1. La commune de Propriano a lancé au cours de l'année 2003 une procédure d'appel d'offres ouvert avec variantes pour la réhabilitation de la piscine municipale qui avait été construite dans les années 1970 à 1980 et dont le revêtement du bassin de natation avait été refait par la pose d'une coque en résine polyester en 1998. Le lot n° 14, relatif au revêtement du bassin, a été attribué à la SARL RAC par acte d'engagement signé le 23 décembre 2003. Un nouvel appel d'offres a été organisé en 2005 pour l'exécution de travaux complémentaires, prévoyant notamment un lot n° 3-14 pour le revêtement polyester du bassin et annexes. Par un marché conclu le 8 août 2005 dans le cadre de la réhabilitation et mise aux normes de la piscine, l'entreprise individuelle Polyester Service Diffusion, dont Mme B était l'exploitante, s'est vu confier la reprise du revêtement de l'ensemble du bassin. Immatriculée au registre du commerce et des sociétés le 11 mai 2006 et locataire gérante du fonds de commerce exploité à l'enseigne Polyester Service Diffusion, la SARL Sud Polyester a réalisé les travaux. Ceux-ci ont fait l'objet d'une réception le 27 février 2008 avec effet au 31 mars 2007. Des cloques étant apparues au fond du bassin, le juge des référés du tribunal, saisi par la commune, a prescrit une expertise par une ordonnance n° 1700332 du 22 mai 2017. L'expert a déposé son rapport le 4 janvier 2018. La commune de Propriano demande au tribunal de condamner M. A C, maître d'œuvre, la société Mutuelle des architectes français assurances, son assureur, l'entreprise individuelle Polyester Service Diffusion, la SARL Sud Polyester et la SA Socotec, contrôleur technique, à lui verser la somme de 126 142 euros à titre d'indemnité en réparation des préjudices qu'elle estime avoir subis.
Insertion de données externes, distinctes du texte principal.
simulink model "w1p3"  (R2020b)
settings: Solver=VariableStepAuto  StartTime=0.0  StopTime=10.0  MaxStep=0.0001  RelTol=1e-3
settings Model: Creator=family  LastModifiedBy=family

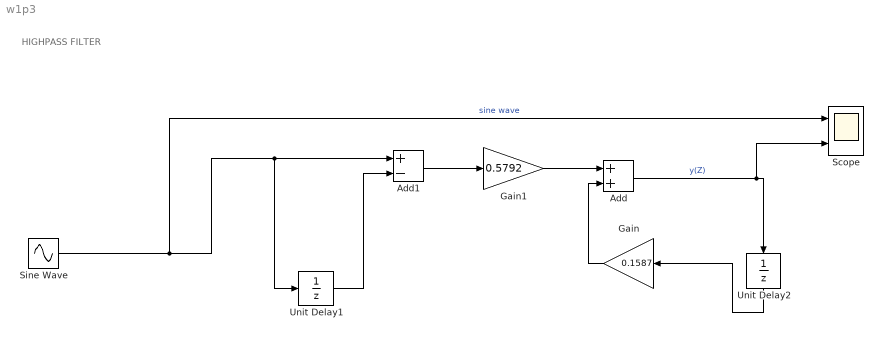
== system w1p3 ==
  note: HIGHPASS FILTER
  Add : Sum
  Add1 : Sum  Inputs=+-
  Gain : Gain  Gain=0.1587
  Gain1 : Gain  Gain=0.5792
  Scope : Scope  NumInputPorts=2
  Sine Wave : Sin  Frequency=500  SampleTime=0
  Unit Delay1 : UnitDelay  SampleTime=-1  HasFrameUpgradeWarning=on
  Unit Delay2 : UnitDelay  SampleTime=-1  HasFrameUpgradeWarning=on
  wires:
  Unit Delay1/1 -> Add1/2
  Add1/1 -> Gain1/1
  Gain1/1 -> Add/1
  Gain/1 -> Add/2
  Unit Delay2/1 -> Gain/1
  Add/1 -> Scope/2, Unit Delay2/1  "y(Z)"
  Sine Wave/1 -> Scope/1, Add1/1, Unit Delay1/1  "sine wave"
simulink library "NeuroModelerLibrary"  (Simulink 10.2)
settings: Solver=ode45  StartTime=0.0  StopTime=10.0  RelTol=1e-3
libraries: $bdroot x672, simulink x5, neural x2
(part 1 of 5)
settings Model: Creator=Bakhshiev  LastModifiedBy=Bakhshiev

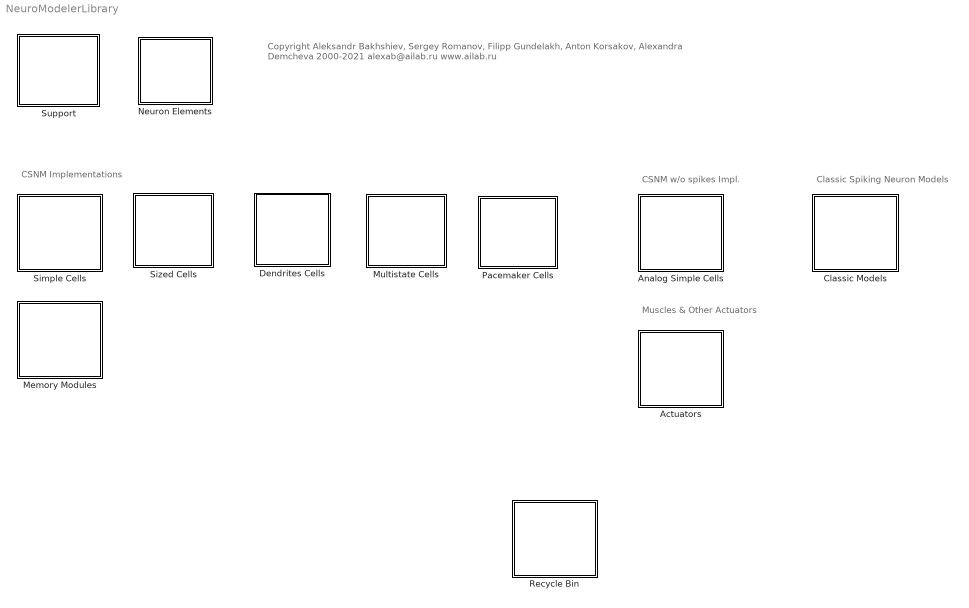
== system NeuroModelerLibrary ==
  note: CSNM Implementations
  note: Copyright Aleksandr Bakhshiev, Sergey Romanov, Filipp Gundelakh, Anton Korsakov, Alexandra Demcheva 2000-2021
      | alexab@ailab.ru
      | www.ailab.ru
  note: CSNM w/o spikes Impl.
  note: Muscles & Other Actuators
  note: Classic Spiking Neuron Models
  Actuators : Subsystem
  Analog Simple Cells : Subsystem
  Classic Models : Subsystem
  Dendrites Cells : Subsystem
  Memory Modules : Subsystem
  Multistate Cells : Subsystem
  Neuron Elements : Subsystem
  Pacemaker Cells : Subsystem
  Recycle Bin : Subsystem
  Simple Cells : Subsystem
  Sized Cells : Subsystem
  Support : Subsystem

== system NeuroModelerLibrary/Actuators ==
  Eye Muscle : Subsystem

== system NeuroModelerLibrary/Analog Simple Cells ==
  note: CSNM: version 0.2
  Simple Analog Neuron : Subsystem
  Simple Analog Neuron with PI : Subsystem  AncestorBlock=NeuroModelerLibrary/Analog Simple Cells/Simple Analog Neuron
  "Simple Tanh Analog Neuron " : Subsystem

== system NeuroModelerLibrary/Classic Models ==
  note: Neuron Models
  note: Synapse Models
  Alpha-Function Synapse (nonsmooth) : Subsystem  mask{tau_syn=2e-3, I_syn=1e-12, weight=1, delay=1e-3}
      mask prompts: tau_syn "Rise time of the exciatory synaptic alpha function"; I_syn "Synaptic current amplitude"
  Alpha-Function Synapse (smooth) : Subsystem  mask{tau_syn=2e-3, I_syn=1e-12, weight=1, delay=1e-3}
      mask prompts: tau_syn "Rise time of excitatory synaptic alpha function"; I_syn "Synaptic current amplitude"
  IaF Neuron : Subsystem  mask{tau_m=0.01, Cm=250e-12, I_const=0, E_L=-0.070, V_reset=-0.10, V_th=-0.055}
      mask prompts: tau_m "Membrane time constatnt"; Cm "Membrane capacity"; I_const "Constant input current"; E_L "Resting membrane potential"; V_reset "Reset membrane potential"; V_th "Threshold potential"
  IaF Neuron with refractory : Subsystem  mask{tau_m=0.01, Cm=250e-12, I_const=376e-12, E_L=-0.070, V_reset=-0.070, V_th=-0.055, tau_ref=0.002}
      mask prompts: tau_m "Membrane time constatnt"; Cm "Membrane capacity"; I_const "Constant input current"; E_L "Resting membrane potential"; V_reset "Reset membrane potential"; V_th "Threshold potential"; tau_ref "Refractory period"
  Static Synapse : Subsystem  mask{tau_syn=2e-3, I_syn=1e-8, weight=1, delay=1e-3}
      mask prompts: tau_syn "Rise time of the excitatory synaptic alpha function"; I_syn "Synaptic current amplitude"

== system NeuroModelerLibrary/Dendrites Cells ==
  note: CSNM: version 0.2
  Branching Dendrites Cell : Subsystem
  Branching Dendrites Cell ModGen : Subsystem  AncestorBlock=NeuroModelerLibrary/Dendrites Cells/Branching Dendrites Cell
  Branching Dendrites Cell ModGenSyn : Subsystem  AncestorBlock=NeuroModelerLibrary/Dendrites Cells/Branching Dendrites Cell
  Long Dendite Cell : Subsystem
  Long Dendite Cell ModGen : Subsystem  AncestorBlock=NeuroModelerLibrary/Dendrites Cells/Long Dendite Cell
  Long Dendite Cell ModGen(FBC) : Subsystem  AncestorBlock=NeuroModelerLibrary/Dendrites Cells/Long Dendite Cell
  Long Dendite Cell ModGenSyn : Subsystem  AncestorBlock=NeuroModelerLibrary/Dendrites Cells/Long Dendite Cell

== system NeuroModelerLibrary/Memory Modules ==
  note: CSNM: version 0.2
  Time-Memory Element : Subsystem
  Time-Memory PI Element : Subsystem

== system NeuroModelerLibrary/Multistate Cells ==
  note: CSNM: version 0.2
  Multistate Membrane Cell : Subsystem

== system NeuroModelerLibrary/Neuron Elements ==
  note: CSNM: version 0.1 (2010)
  note: CSNM: version 0.2 (2015)
  note: CSNM: version 0.3 (2021)
  CSNM Compartment : Subsystem  mask{ACm=1e-9, ARm=1e7, ECm=1e-9, ERm=1e7, ARFm=1e7, ERFm=1e7, U0=-0.070, sign=-1}
      mask prompts: ACm "Arresting Membrane Capacity"; ARm "Arresting Membrane Resistance"; ECm "Excitatory Membrane Capacity"; ERm "Excitatory Membrane Resistance"; ARFm "Feedback Arresting Resistance"; ERFm "Feedback Excitatory Resistance"; U0 "Synaptic EMF"; sign "Synaptic Weight Sign"
  CSNM LTZone : Subsystem  mask(Ion pump){NM=1, FB=2, T=-0.055, switchOff=-0.1}
      mask prompts: NM "Number of Input Membranes"; FB "Feedback Coeff"; T "On Threshold"; switchOff "Off Threshold"
  CSNM Synapse : Subsystem  mask{SecretionTC=0.001, DecompositionTC=0.005, UseKsi=off, Rs=2e7, ksi=1, U0=-0.070, Weight=1, sign=off}
      mask prompts: SecretionTC "Mediator Secretion"; DecompositionTC "Mediator Decomposition"; UseKsi "Use Presynaptic Inhubition"; Rs "Synaptic Resistance"; U0 "Synaptic EMF"; Weight "Synaptic Weight"; sign "Synaptic Weight Sign"
  CSNM Synapse-D : Subsystem  mask{SecretionTC=0.001, DecompositionTC=0.005, UseKsi=off, Rs=2e7, ksi=1, U0=-0.070, Weight=1, sign=off}
      mask prompts: SecretionTC "Mediator Secretion"; DecompositionTC "Mediator Decomposition"; UseKsi "Use Presynaptic Inhubition"; Rs "Synaptic Resistance"; U0 "Synaptic EMF"; Weight "Synaptic Weight"; sign "Synaptic Weight Sign"
  ContLTZone : Subsystem
  IaF Compartment : Subsystem  mask{tau_m=0.01, Cm=250e-12, I_const=0, E_L=-0.070, V_reset=-0.10, V_th=-0.055}
      mask prompts: tau_m "Membrane time constatnt"; Cm "Membrane capacity"; I_const "Constant input current"; E_L "Resting membrane potential"; V_reset "Reset membrane potential"; V_th "Threshold potential"
  IaF LTZone : Subsystem  mask{tau_m=0.01, Cm=250e-12, I_const=0, E_L=-0.070, V_reset=-0.10, V_th=-0.055}
      mask prompts: tau_m "Membrane time constatnt"; Cm "Membrane capacity"; I_const "Constant input current"; E_L "Resting membrane potential"; V_reset "Reset membrane potential"; V_th "Threshold potential"
  Ion System : Subsystem
  Ion System v0.1 : Subsystem
  LTZone : Subsystem  mask(Ion pump){NM=1, FB=1.7, IT=0.005, T=0.001}
      mask prompts: NM "Number of Input Membranes"; FB "Feedback Coeff"; IT "Input Time Constant"; T "Threshold"
  LTZone v0.1 : Subsystem  mask(Ion pump){Rc=1, Cc=0.001, RR=1, IT=0.005, T=10}
      mask prompts: Rc "Channel resistance"; Cc "Channel capacity"; RR "Recharge Resistance"; IT "Input TC"; T "Threshold"
  LTZoneV2 : Subsystem  mask(Ion pump){NM=1, FB=2, IT=0.001, T=-0.055, inertia=on, switchOff=-0.1}
      mask prompts: NM "Number of Input Membranes"; FB "Feedback Coeff"; IT "Input Time Constant"; T "Threshold"; inertia "Use inertia link"; switchOff "Switch off point"
  Multistate Membrane : Subsystem
  Neuro Membrane v0.1 : Subsystem  mask{ACm=0.1, ARm=0.1, ECm=0.01, ERm=0.1}
      mask prompts: ACm "Arresting Membrane Capacity"; ARm "Arresting Membrane Resistance"; ECm "Excitatory Membrane Capacity"; ERm "Excitatory Membrane Resistance"
  Simple Membrane : Subsystem  mask{ACm=1e-9, ARm=1e7, ECm=1e-9, ERm=1e7, ARFm=1e8, ERFm=1e8}
      mask prompts: ACm "Arresting Membrane Capacity"; ARm "Arresting Membrane Resistance"; ECm "Excitatory Membrane Capacity"; ERm "Excitatory Membrane Resistance"; ARFm "Feedback Arresting Resistance"; ERFm "Feedback Excitatory Resistance"
  Simple Synapse : $bdroot/Neuron Elements/Synapse  SecretionTC=0.001  DecompositionTC=0.01  UseKsi=off  ksi=2  gamma=1e8
  Synapse : Subsystem  mask{SecretionTC=0.001, DecompositionTC=0.01, UseKsi=on, ksi=2, gamma=1e8}
      mask prompts: SecretionTC "Mediator Secretion"; DecompositionTC "Mediator Decomposition"; UseKsi "Use Presynaptic Inhubition"
  Synapse Ion System v0.1 : Subsystem
  Synapse Membrane v0.1 : Subsystem  mask{ACm=0.1, ARm=0.1, ECm=0.01, ERm=0.1}
      mask prompts: ACm "Arresting Membrane Capacity"; ARm "Arresting Membrane Resistance"; ECm "Excitatory Membrane Capacity"; ERm "Excitatory Membrane Resistance"
  Synapse PresynInh v0.1 : $bdroot/Neuron Elements/Synapse v0.1  SecretionTC=0.001  DecompositionTC=0.1  ksi=2  gamma=1
  Synapse v0.1 : Subsystem  mask{SecretionTC=0.001, DecompositionTC=0.1, ksi=1, gamma=1}
      mask prompts: SecretionTC "Mediator Secretion"; DecompositionTC "Mediator Decomposition"

== system NeuroModelerLibrary/Pacemaker Cells ==
  note: CSNM: version 0.2
  Pacemaker1-1 Cell : Subsystem
  Pacemaker1-2 Cell : Subsystem
  Pacemaker1-3 Cell : Subsystem
  Pacemaker1-4 Cell : Subsystem
  Pacemaker2 Cell : Subsystem
  Pacemaker3 Cell : Subsystem
  Pacemaker4 Cell : Subsystem
  Pacemaker4x4 Cell : Subsystem
  Slow Pacemaker Cell : Subsystem

== system NeuroModelerLibrary/Recycle Bin ==
  note: Neural Networks Samples
  note: Neuron Samples
  note: Neuron Parts Samples
  Dendrite Neuron  Samples : Subsystem
  Membrane Samples : Subsystem
  Multistate Neuron  Samples : Subsystem
  PCN1 : Subsystem
  PCN2 : Subsystem
  Pacemaker Samples : Subsystem
  RCN : Subsystem
  Simple  Neural Networks : Subsystem
  Simple Neuron Samples : Subsystem
  Size Neuron  Samples : Subsystem
  Synapse Samples : Subsystem
  TCN : Subsystem

== system NeuroModelerLibrary/Simple Cells ==
  note: CSNM: version 0.2
  note: CSNM: version 0.1
  Afferent1 : Subsystem  mask{ExpCoeff=0.001, IncCoeff=0.999}
      mask prompts: ExpCoeff "Input Exp Coeff"; IncCoeff "Input Inc Coeff"
      mask DialogControl AffParams Prompt: Afferent Parameters
  Electric Simple Cell : Subsystem
  Electric Simple2 Cell : Subsystem
  Large  NewNeuron v0.1 : Subsystem
  Large PresynInh  NewNeuron v0.1 : Subsystem  AncestorBlock="NeuroModelerLibrary/Simple Cells/Large  NewNeuron v0.1"
  Simple Cell : Subsystem
  Simple Cell - Inertial : Subsystem  AncestorBlock=NeuroModelerLibrary/Simple Cells/Simple Cell
  Simple Cell MembraneCap : Subsystem
  Simple Cell MembraneCap[2] : Subsystem
  Small  NewNeuron v0.1 : Subsystem
  Small PresynInh NewNeuron v0.1 : Subsystem  AncestorBlock="NeuroModelerLibrary/Simple Cells/Small  NewNeuron v0.1"

== system NeuroModelerLibrary/Sized Cells ==
  note: CSNM: version 0.2
  note: CSNM: version 0.3
  note: Segmented IaF
  CSNM1x0 : Subsystem
  CSNM1x1 : Subsystem
  CSNM1x2 : Subsystem
  CSNM1x3 : Subsystem
  CSNM1x4-Syn4 : Subsystem
  CSNM2x0 : Subsystem
  CSNM2x1 : Subsystem
  CSNM2x2 : Subsystem
  CSNM2x3 : Subsystem
  CSNM3x0 : Subsystem
  CSNM3x1 : Subsystem
  CSNM3x2 : Subsystem
  CSNM3x3 : Subsystem
  CSNM4x0 : Subsystem
  CSNM4x1 : Subsystem
  CSNM4x2 : Subsystem
  CSNM4x3 : Subsystem
  Cell IaF 1x4 : Subsystem
  Cell IaF 1x4-Syn4 : Subsystem
  Cell IaF 2x4 : Subsystem
  Cell IaF 3x4 : Subsystem
  Cell IaF 4x4 : Subsystem
  Size Cell : Subsystem
  Size2 Cell : Subsystem
  Size3 Cell : Subsystem
  Size3 Cell ModSynS1A1 : Subsystem
  Size4 Cell : Subsystem
  Size6 Cell : Subsystem

== system NeuroModelerLibrary/Support ==
  Electric Engine Model : Subsystem
  Inertial Link : Subsystem
  Inertial Link With Reset : Subsystem
  Sign Separator : Subsystem
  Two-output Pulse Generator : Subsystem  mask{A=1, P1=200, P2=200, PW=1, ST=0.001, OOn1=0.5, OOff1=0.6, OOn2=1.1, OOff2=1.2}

Sur les conclusions dirigées par la commune de Propriano contre la société Mutuelle des architectes français assurances :

2. Il n'appartient qu'aux juridictions judiciaires de connaître des actions tendant au paiement des sommes dues par un assureur au titre de ses obligations de droit privé et à raison du fait dommageable commis par son assuré, alors même que l'appréciation de la responsabilité de cet assuré dans la réalisation du fait dommageable relève du juge administratif.

3. S'il appartient au juge administratif de connaître de l'action engagée par la commune de Propriano à l'encontre des participants à l'opération de réhabilitation de la piscine municipale, il résulte de ce qui a été indiqué au point précédent que les conclusions dirigées par la commune de Propriano à l'encontre de la société Mutuelle des architectes français assurances, assureur de M. C, sont portées devant une juridiction incompétente pour en connaître.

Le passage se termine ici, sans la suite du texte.